What I am noticing is that the raytracing itself (the dda algorithm) is right now around twice as expensive as the blitting to the screen. So halfing vertically won't give you much speed improvement. Halving horizontally would certainly help.
What is more interesting right now is how to do the dda-algorithm
quickly in assembly. Right now, it does for each ray:
a tan() and inverse-tan() lookup resulting in two 16-bit values (x_step and y_step)
two multiplications for determining the initial intersection points inside the cell you are standing (x_intercept and y_intercept)
quite a lot of branches to implement the logic used by the dda-algorithm (including copying 16-bit numbers)

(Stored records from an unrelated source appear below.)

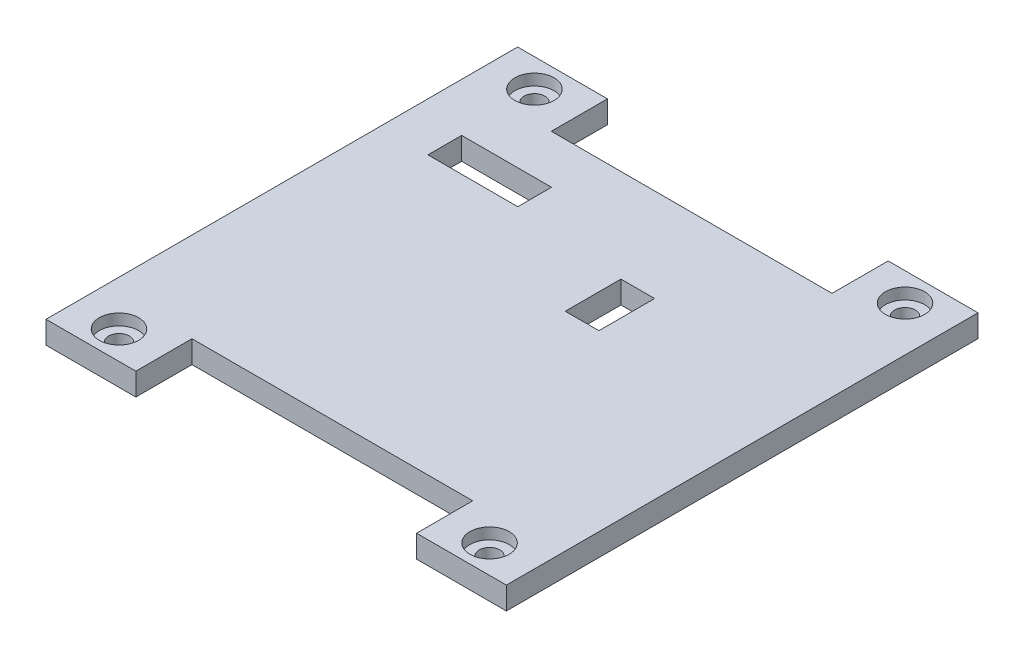
ISO-10303-21;
HEADER;
FILE_DESCRIPTION(('STEP AP214'),'2;1');
FILE_NAME('part.step','',(''),(''),'','','');
FILE_SCHEMA(('AUTOMOTIVE_DESIGN { 1 0 10303 214 1 1 1 1 }'));
ENDSEC;
DATA;
#1=APPLICATION_CONTEXT('core data for automotive mechanical design processes');
#2=APPLICATION_PROTOCOL_DEFINITION('international standard','automotive_design',2000,#1);
#3=PRODUCT_CONTEXT('',#1,'mechanical');
#4=PRODUCT('Part','Part','',(#3));
#5=PRODUCT_RELATED_PRODUCT_CATEGORY('part','',(#4));
#6=PRODUCT_DEFINITION_FORMATION('','',#4);
#7=PRODUCT_DEFINITION_CONTEXT('part definition',#1,'design');
#8=PRODUCT_DEFINITION('design','',#6,#7);
#9=PRODUCT_DEFINITION_SHAPE('','',#8);
#10=(LENGTH_UNIT() NAMED_UNIT(*) SI_UNIT(.MILLI.,.METRE.));
#11=(NAMED_UNIT(*) PLANE_ANGLE_UNIT() SI_UNIT($,.RADIAN.));
#12=(NAMED_UNIT(*) SI_UNIT($,.STERADIAN.) SOLID_ANGLE_UNIT());
#13=UNCERTAINTY_MEASURE_WITH_UNIT(LENGTH_MEASURE(1.E-05),#10,'distance_accuracy_value','');
#14=(GEOMETRIC_REPRESENTATION_CONTEXT(3) GLOBAL_UNCERTAINTY_ASSIGNED_CONTEXT((#13)) GLOBAL_UNIT_ASSIGNED_CONTEXT((#10,
#11,#12)) REPRESENTATION_CONTEXT('',''));
#15=CARTESIAN_POINT('',(0.,0.,0.));
#16=DIRECTION('',(0.,0.,1.));
#17=DIRECTION('',(1.,0.,0.));
#18=AXIS2_PLACEMENT_3D('',#15,#16,#17);
#19=CARTESIAN_POINT('',(0.,0.,0.));
#20=DIRECTION('',(0.,1.,0.));
#21=DIRECTION('',(0.,0.,1.));
#22=AXIS2_PLACEMENT_3D('',#19,#20,#21);
#23=PLANE('',#22);
#24=DIRECTION('',(1.,0.,0.));
#25=VECTOR('',#24,1.);
#26=CARTESIAN_POINT('',(-11.857851807008,0.,-11.019264119323));
#27=LINE('',#26,#25);
#28=CARTESIAN_POINT('',(-11.857851807008,0.,-11.019264119323));
#29=VERTEX_POINT('',#28);
#30=CARTESIAN_POINT('',(-3.85785180700805,0.,-11.019264119323));
#31=VERTEX_POINT('',#30);
#32=EDGE_CURVE('E248',#29,#31,#27,.T.);
#33=ORIENTED_EDGE('',*,*,#32,.F.);
#34=DIRECTION('',(0.,0.,-1.));
#35=VECTOR('',#34,1.);
#36=CARTESIAN_POINT('',(-11.857851807008,0.,-11.019264119323));
#37=LINE('',#36,#35);
#38=CARTESIAN_POINT('',(-11.857851807008,0.,-8.01926411932297));
#39=VERTEX_POINT('',#38);
#40=EDGE_CURVE('E51',#39,#29,#37,.T.);
#41=ORIENTED_EDGE('',*,*,#40,.F.);
#42=DIRECTION('',(-1.,0.,0.));
#43=VECTOR('',#42,1.);
#44=CARTESIAN_POINT('',(-11.857851807008,0.,-8.01926411932297));
#45=LINE('',#44,#43);
#46=CARTESIAN_POINT('',(-3.85785180700805,0.,-8.01926411932297));
#47=VERTEX_POINT('',#46);
#48=EDGE_CURVE('E237',#47,#39,#45,.T.);
#49=ORIENTED_EDGE('',*,*,#48,.F.);
#50=DIRECTION('',(0.,0.,1.));
#51=VECTOR('',#50,1.);
#52=CARTESIAN_POINT('',(-3.85785180700805,0.,-11.019264119323));
#53=LINE('',#52,#51);
#54=EDGE_CURVE('E251',#31,#47,#53,.T.);
#55=ORIENTED_EDGE('',*,*,#54,.F.);
#56=EDGE_LOOP('',(#33,#41,#49,#55));
#57=FACE_BOUND('',#56,.T.);
#58=DIRECTION('',(0.,0.,1.));
#59=VECTOR('',#58,1.);
#60=CARTESIAN_POINT('',(-16.1830985915493,0.,-15.3286384976526));
#61=LINE('',#60,#59);
#62=CARTESIAN_POINT('',(-16.1830985915493,0.,-20.3286384976526));
#63=VERTEX_POINT('',#62);
#64=CARTESIAN_POINT('',(-16.1830985915493,0.,21.6713615023474));
#65=VERTEX_POINT('',#64);
#66=EDGE_CURVE('E395',#63,#65,#61,.T.);
#67=ORIENTED_EDGE('',*,*,#66,.F.);
#68=DIRECTION('',(-1.,0.,0.));
#69=VECTOR('',#68,1.);
#70=CARTESIAN_POINT('',(-16.1830985915493,0.,-20.3286384976526));
#71=LINE('',#70,#69);
#72=CARTESIAN_POINT('',(-8.18309859154927,0.,-20.3286384976526));
#73=VERTEX_POINT('',#72);
#74=EDGE_CURVE('E383',#73,#63,#71,.T.);
#75=ORIENTED_EDGE('',*,*,#74,.F.);
#76=DIRECTION('',(0.,0.,1.));
#77=VECTOR('',#76,1.);
#78=CARTESIAN_POINT('',(-8.18309859154927,0.,-20.3286384976526));
#79=LINE('',#78,#77);
#80=CARTESIAN_POINT('',(-8.18309859154927,0.,-15.3286384976526));
#81=VERTEX_POINT('',#80);
#82=EDGE_CURVE('E386',#73,#81,#79,.T.);
#83=ORIENTED_EDGE('',*,*,#82,.T.);
#84=DIRECTION('',(-1.,0.,0.));
#85=VECTOR('',#84,1.);
#86=CARTESIAN_POINT('',(-16.1830985915493,0.,-15.3286384976526));
#87=LINE('',#86,#85);
#88=CARTESIAN_POINT('',(16.8169014084507,0.,-15.3286384976526));
#89=VERTEX_POINT('',#88);
#90=EDGE_CURVE('E11',#89,#81,#87,.T.);
#91=ORIENTED_EDGE('',*,*,#90,.F.);
#92=DIRECTION('',(0.,0.,1.));
#93=VECTOR('',#92,1.);
#94=CARTESIAN_POINT('',(16.8169014084507,0.,-20.3286384976526));
#95=LINE('',#94,#93);
#96=CARTESIAN_POINT('',(16.8169014084507,0.,-20.3286384976526));
#97=VERTEX_POINT('',#96);
#98=EDGE_CURVE('E372',#97,#89,#95,.T.);
#99=ORIENTED_EDGE('',*,*,#98,.F.);
#100=DIRECTION('',(-1.,0.,0.));
#101=VECTOR('',#100,1.);
#102=CARTESIAN_POINT('',(24.8169014084507,0.,-20.3286384976526));
#103=LINE('',#102,#101);
#104=CARTESIAN_POINT('',(24.8169014084507,0.,-20.3286384976526));
#105=VERTEX_POINT('',#104);
#106=EDGE_CURVE('E360',#105,#97,#103,.T.);
#107=ORIENTED_EDGE('',*,*,#106,.F.);
#108=DIRECTION('',(0.,0.,-1.));
#109=VECTOR('',#108,1.);
#110=CARTESIAN_POINT('',(24.8169014084507,0.,-15.3286384976526));
#111=LINE('',#110,#109);
#112=CARTESIAN_POINT('',(24.8169014084507,0.,21.6713615023474));
#113=VERTEX_POINT('',#112);
#114=EDGE_CURVE('E43',#113,#105,#111,.T.);
#115=ORIENTED_EDGE('',*,*,#114,.F.);
#116=DIRECTION('',(1.,0.,0.));
#117=VECTOR('',#116,1.);
#118=CARTESIAN_POINT('',(24.8169014084507,0.,21.6713615023474));
#119=LINE('',#118,#117);
#120=CARTESIAN_POINT('',(16.8169014084507,0.,21.6713615023474));
#121=VERTEX_POINT('',#120);
#122=EDGE_CURVE('E345',#121,#113,#119,.T.);
#123=ORIENTED_EDGE('',*,*,#122,.F.);
#124=DIRECTION('',(0.,0.,-1.));
#125=VECTOR('',#124,1.);
#126=CARTESIAN_POINT('',(16.8169014084507,0.,21.6713615023474));
#127=LINE('',#126,#125);
#128=CARTESIAN_POINT('',(16.8169014084507,0.,16.6713615023474));
#129=VERTEX_POINT('',#128);
#130=EDGE_CURVE('E348',#121,#129,#127,.T.);
#131=ORIENTED_EDGE('',*,*,#130,.T.);
#132=DIRECTION('',(1.,0.,0.));
#133=VECTOR('',#132,1.);
#134=CARTESIAN_POINT('',(-16.1830985915493,0.,16.6713615023474));
#135=LINE('',#134,#133);
#136=CARTESIAN_POINT('',(-8.18309859154927,0.,16.6713615023474));
#137=VERTEX_POINT('',#136);
#138=EDGE_CURVE('E397',#137,#129,#135,.T.);
#139=ORIENTED_EDGE('',*,*,#138,.F.);
#140=DIRECTION('',(0.,0.,-1.));
#141=VECTOR('',#140,1.);
#142=CARTESIAN_POINT('',(-8.18309859154927,0.,21.6713615023474));
#143=LINE('',#142,#141);
#144=CARTESIAN_POINT('',(-8.18309859154927,0.,21.6713615023474));
#145=VERTEX_POINT('',#144);
#146=EDGE_CURVE('E334',#145,#137,#143,.T.);
#147=ORIENTED_EDGE('',*,*,#146,.F.);
#148=DIRECTION('',(1.,0.,0.));
#149=VECTOR('',#148,1.);
#150=CARTESIAN_POINT('',(-16.1830985915493,0.,21.6713615023474));
#151=LINE('',#150,#149);
#152=EDGE_CURVE('E320',#65,#145,#151,.T.);
#153=ORIENTED_EDGE('',*,*,#152,.F.);
#154=EDGE_LOOP('',(#67,#75,#83,#91,#99,#107,#115,#123,#131,#139,#147,#153));
#155=FACE_BOUND('',#154,.T.);
#156=CARTESIAN_POINT('',(-12.1830985915493,0.,-17.8286384976526));
#157=DIRECTION('',(0.,1.,0.));
#158=DIRECTION('',(0.,0.,1.));
#159=AXIS2_PLACEMENT_3D('',#156,#157,#158);
#160=CIRCLE('',#159,0.925);
#161=CARTESIAN_POINT('',(-12.1830985915493,0.,-16.9036384976526));
#162=VERTEX_POINT('',#161);
#163=EDGE_CURVE('E407',#162,#162,#160,.T.);
#164=ORIENTED_EDGE('',*,*,#163,.T.);
#165=EDGE_LOOP('',(#164));
#166=FACE_BOUND('',#165,.T.);
#167=CARTESIAN_POINT('',(20.8169014084507,0.,-17.8286384976526));
#168=DIRECTION('',(0.,1.,0.));
#169=DIRECTION('',(0.,0.,1.));
#170=AXIS2_PLACEMENT_3D('',#167,#168,#169);
#171=CIRCLE('',#170,0.924999999999998);
#172=CARTESIAN_POINT('',(20.8169014084507,0.,-16.9036384976526));
#173=VERTEX_POINT('',#172);
#174=EDGE_CURVE('E410',#173,#173,#171,.T.);
#175=ORIENTED_EDGE('',*,*,#174,.T.);
#176=EDGE_LOOP('',(#175));
#177=FACE_BOUND('',#176,.T.);
#178=CARTESIAN_POINT('',(20.8169014084507,0.,19.1713615023474));
#179=DIRECTION('',(0.,1.,0.));
#180=DIRECTION('',(0.,0.,1.));
#181=AXIS2_PLACEMENT_3D('',#178,#179,#180);
#182=CIRCLE('',#181,0.924999999999998);
#183=CARTESIAN_POINT('',(20.8169014084507,0.,20.0963615023474));
#184=VERTEX_POINT('',#183);
#185=EDGE_CURVE('E413',#184,#184,#182,.T.);
#186=ORIENTED_EDGE('',*,*,#185,.T.);
#187=EDGE_LOOP('',(#186));
#188=FACE_BOUND('',#187,.T.);
#189=CARTESIAN_POINT('',(-12.1830985915493,0.,19.1713615023474));
#190=DIRECTION('',(0.,1.,0.));
#191=DIRECTION('',(0.,0.,1.));
#192=AXIS2_PLACEMENT_3D('',#189,#190,#191);
#193=CIRCLE('',#192,0.925);
#194=CARTESIAN_POINT('',(-12.1830985915493,0.,20.0963615023474));
#195=VERTEX_POINT('',#194);
#196=EDGE_CURVE('E331',#195,#195,#193,.T.);
#197=ORIENTED_EDGE('',*,*,#196,.T.);
#198=EDGE_LOOP('',(#197));
#199=FACE_BOUND('',#198,.T.);
#200=DIRECTION('',(1.,0.,0.));
#201=VECTOR('',#200,1.);
#202=CARTESIAN_POINT('',(9.31690140845073,0.,-7.02838257728644));
#203=LINE('',#202,#201);
#204=CARTESIAN_POINT('',(9.31690140845073,0.,-7.02838257728644));
#205=VERTEX_POINT('',#204);
#206=CARTESIAN_POINT('',(12.3169014084507,0.,-7.02838257728644));
#207=VERTEX_POINT('',#206);
#208=EDGE_CURVE('E274',#205,#207,#203,.T.);
#209=ORIENTED_EDGE('',*,*,#208,.F.);
#210=DIRECTION('',(1.,0.,0.));
#211=VECTOR('',#210,1.);
#212=CARTESIAN_POINT('',(9.31690140845073,0.,-7.02838257728644));
#213=LINE('',#212,#211);
#214=CARTESIAN_POINT('',(6.31690140845073,0.,-7.02838257728644));
#215=VERTEX_POINT('',#214);
#216=EDGE_CURVE('E216',#215,#205,#213,.T.);
#217=ORIENTED_EDGE('',*,*,#216,.F.);
#218=DIRECTION('',(0.,0.,-1.));
#219=VECTOR('',#218,1.);
#220=CARTESIAN_POINT('',(6.31690140845073,0.,-7.02838257728644));
#221=LINE('',#220,#219);
#222=CARTESIAN_POINT('',(6.31690140845073,0.,-2.06889220520878));
#223=VERTEX_POINT('',#222);
#224=EDGE_CURVE('E218',#223,#215,#221,.T.);
#225=ORIENTED_EDGE('',*,*,#224,.F.);
#226=DIRECTION('',(-1.,0.,0.));
#227=VECTOR('',#226,1.);
#228=CARTESIAN_POINT('',(9.31690140845073,0.,-2.06889220520878));
#229=LINE('',#228,#227);
#230=CARTESIAN_POINT('',(9.31690140845073,0.,-2.06889220520878));
#231=VERTEX_POINT('',#230);
#232=EDGE_CURVE('E223',#231,#223,#229,.T.);
#233=ORIENTED_EDGE('',*,*,#232,.F.);
#234=DIRECTION('',(0.,0.,-1.));
#235=VECTOR('',#234,1.);
#236=CARTESIAN_POINT('',(9.31690140845073,0.,-7.02838257728644));
#237=LINE('',#236,#235);
#238=CARTESIAN_POINT('',(9.31690140845073,0.,-2.02838257728644));
#239=VERTEX_POINT('',#238);
#240=EDGE_CURVE('E201',#239,#231,#237,.T.);
#241=ORIENTED_EDGE('',*,*,#240,.F.);
#242=DIRECTION('',(-1.,0.,0.));
#243=VECTOR('',#242,1.);
#244=CARTESIAN_POINT('',(9.31690140845073,0.,-2.02838257728644));
#245=LINE('',#244,#243);
#246=CARTESIAN_POINT('',(12.3169014084507,0.,-2.02838257728644));
#247=VERTEX_POINT('',#246);
#248=EDGE_CURVE('E266',#247,#239,#245,.T.);
#249=ORIENTED_EDGE('',*,*,#248,.F.);
#250=DIRECTION('',(0.,0.,1.));
#251=VECTOR('',#250,1.);
#252=CARTESIAN_POINT('',(12.3169014084507,0.,-7.02838257728644));
#253=LINE('',#252,#251);
#254=EDGE_CURVE('E277',#207,#247,#253,.T.);
#255=ORIENTED_EDGE('',*,*,#254,.F.);
#256=EDGE_LOOP('',(#209,#217,#225,#233,#241,#249,#255));
#257=FACE_BOUND('',#256,.T.);
#258=ADVANCED_FACE('F35',(#57,#155,#166,#177,#188,#199,#257),#23,.F.);
#259=CARTESIAN_POINT('',(-12.1830985915493,-3.,-17.8286384976526));
#260=DIRECTION('',(0.,1.,0.));
#261=DIRECTION('',(0.,0.,1.));
#262=AXIS2_PLACEMENT_3D('',#259,#260,#261);
#263=CYLINDRICAL_SURFACE('',#262,0.925);
#264=ORIENTED_EDGE('',*,*,#163,.F.);
#265=EDGE_LOOP('',(#264));
#266=FACE_BOUND('',#265,.T.);
#267=CARTESIAN_POINT('',(-12.1830985915493,1.,-17.8286384976526));
#268=DIRECTION('',(0.,1.,0.));
#269=DIRECTION('',(0.,0.,1.));
#270=AXIS2_PLACEMENT_3D('',#267,#268,#269);
#271=CIRCLE('',#270,0.925);
#272=CARTESIAN_POINT('',(-12.1830985915493,1.,-16.9036384976526));
#273=VERTEX_POINT('',#272);
#274=EDGE_CURVE('E38',#273,#273,#271,.F.);
#275=ORIENTED_EDGE('',*,*,#274,.F.);
#276=EDGE_LOOP('',(#275));
#277=FACE_BOUND('',#276,.T.);
#278=ADVANCED_FACE('F431',(#266,#277),#263,.F.);
#279=CARTESIAN_POINT('',(20.8169014084507,-3.,-17.8286384976526));
#280=DIRECTION('',(0.,1.,0.));
#281=DIRECTION('',(0.,0.,1.));
#282=AXIS2_PLACEMENT_3D('',#279,#280,#281);
#283=CYLINDRICAL_SURFACE('',#282,0.924999999999998);
#284=ORIENTED_EDGE('',*,*,#174,.F.);
#285=EDGE_LOOP('',(#284));
#286=FACE_BOUND('',#285,.T.);
#287=CARTESIAN_POINT('',(20.8169014084507,1.,-17.8286384976526));
#288=DIRECTION('',(0.,1.,0.));
#289=DIRECTION('',(0.,0.,1.));
#290=AXIS2_PLACEMENT_3D('',#287,#288,#289);
#291=CIRCLE('',#290,0.924999999999998);
#292=CARTESIAN_POINT('',(20.8169014084507,1.,-16.9036384976526));
#293=VERTEX_POINT('',#292);
#294=EDGE_CURVE('E422',#293,#293,#291,.F.);
#295=ORIENTED_EDGE('',*,*,#294,.F.);
#296=EDGE_LOOP('',(#295));
#297=FACE_BOUND('',#296,.T.);
#298=ADVANCED_FACE('F433',(#286,#297),#283,.F.);
#299=CARTESIAN_POINT('',(20.8169014084507,-3.,19.1713615023474));
#300=DIRECTION('',(0.,1.,0.));
#301=DIRECTION('',(0.,0.,1.));
#302=AXIS2_PLACEMENT_3D('',#299,#300,#301);
#303=CYLINDRICAL_SURFACE('',#302,0.924999999999998);
#304=ORIENTED_EDGE('',*,*,#185,.F.);
#305=EDGE_LOOP('',(#304));
#306=FACE_BOUND('',#305,.T.);
#307=CARTESIAN_POINT('',(20.8169014084507,1.,19.1713615023474));
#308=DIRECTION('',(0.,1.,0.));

several decrementers, incrementers, subtractions and additions of 16 bit numbers
bit-shifters to do a lookup in the world-map table(s)
two multiplications of an 16-bit and 8 bit value (using x, y distance and cos/sin to get to the distance from the camera plane)
a divide of a 16-bit value (the distance to the wall) by a 16-bit constant resulting in a wall height (16-bit) --> expensive! (want to use lookup tables)
a capping of the wall height (16-bit) into a render height (byte)
lots a small little details
For setting up the rays I also change the input so that I only have to do the logic for one quadrant.
My gut feeling is that the above should take (maybe) several hunderds of cycles. Maybe 300-400? So 304 rays * 300-400 cycles = 90,000 to 120,000 cycles. So maybe 1 tick. Yet it is spending about 7-8 ticks now. So much room for improvement I think.
Basicly I implement the logic described in this video:
It would be cool if we could iterate together by suggesting / showing to each other what example assembly snippets would be faster in order to bring down the cycle count needed for this algorithm.
? First I have to release though. So back to doing some (much needed) cleanup again ?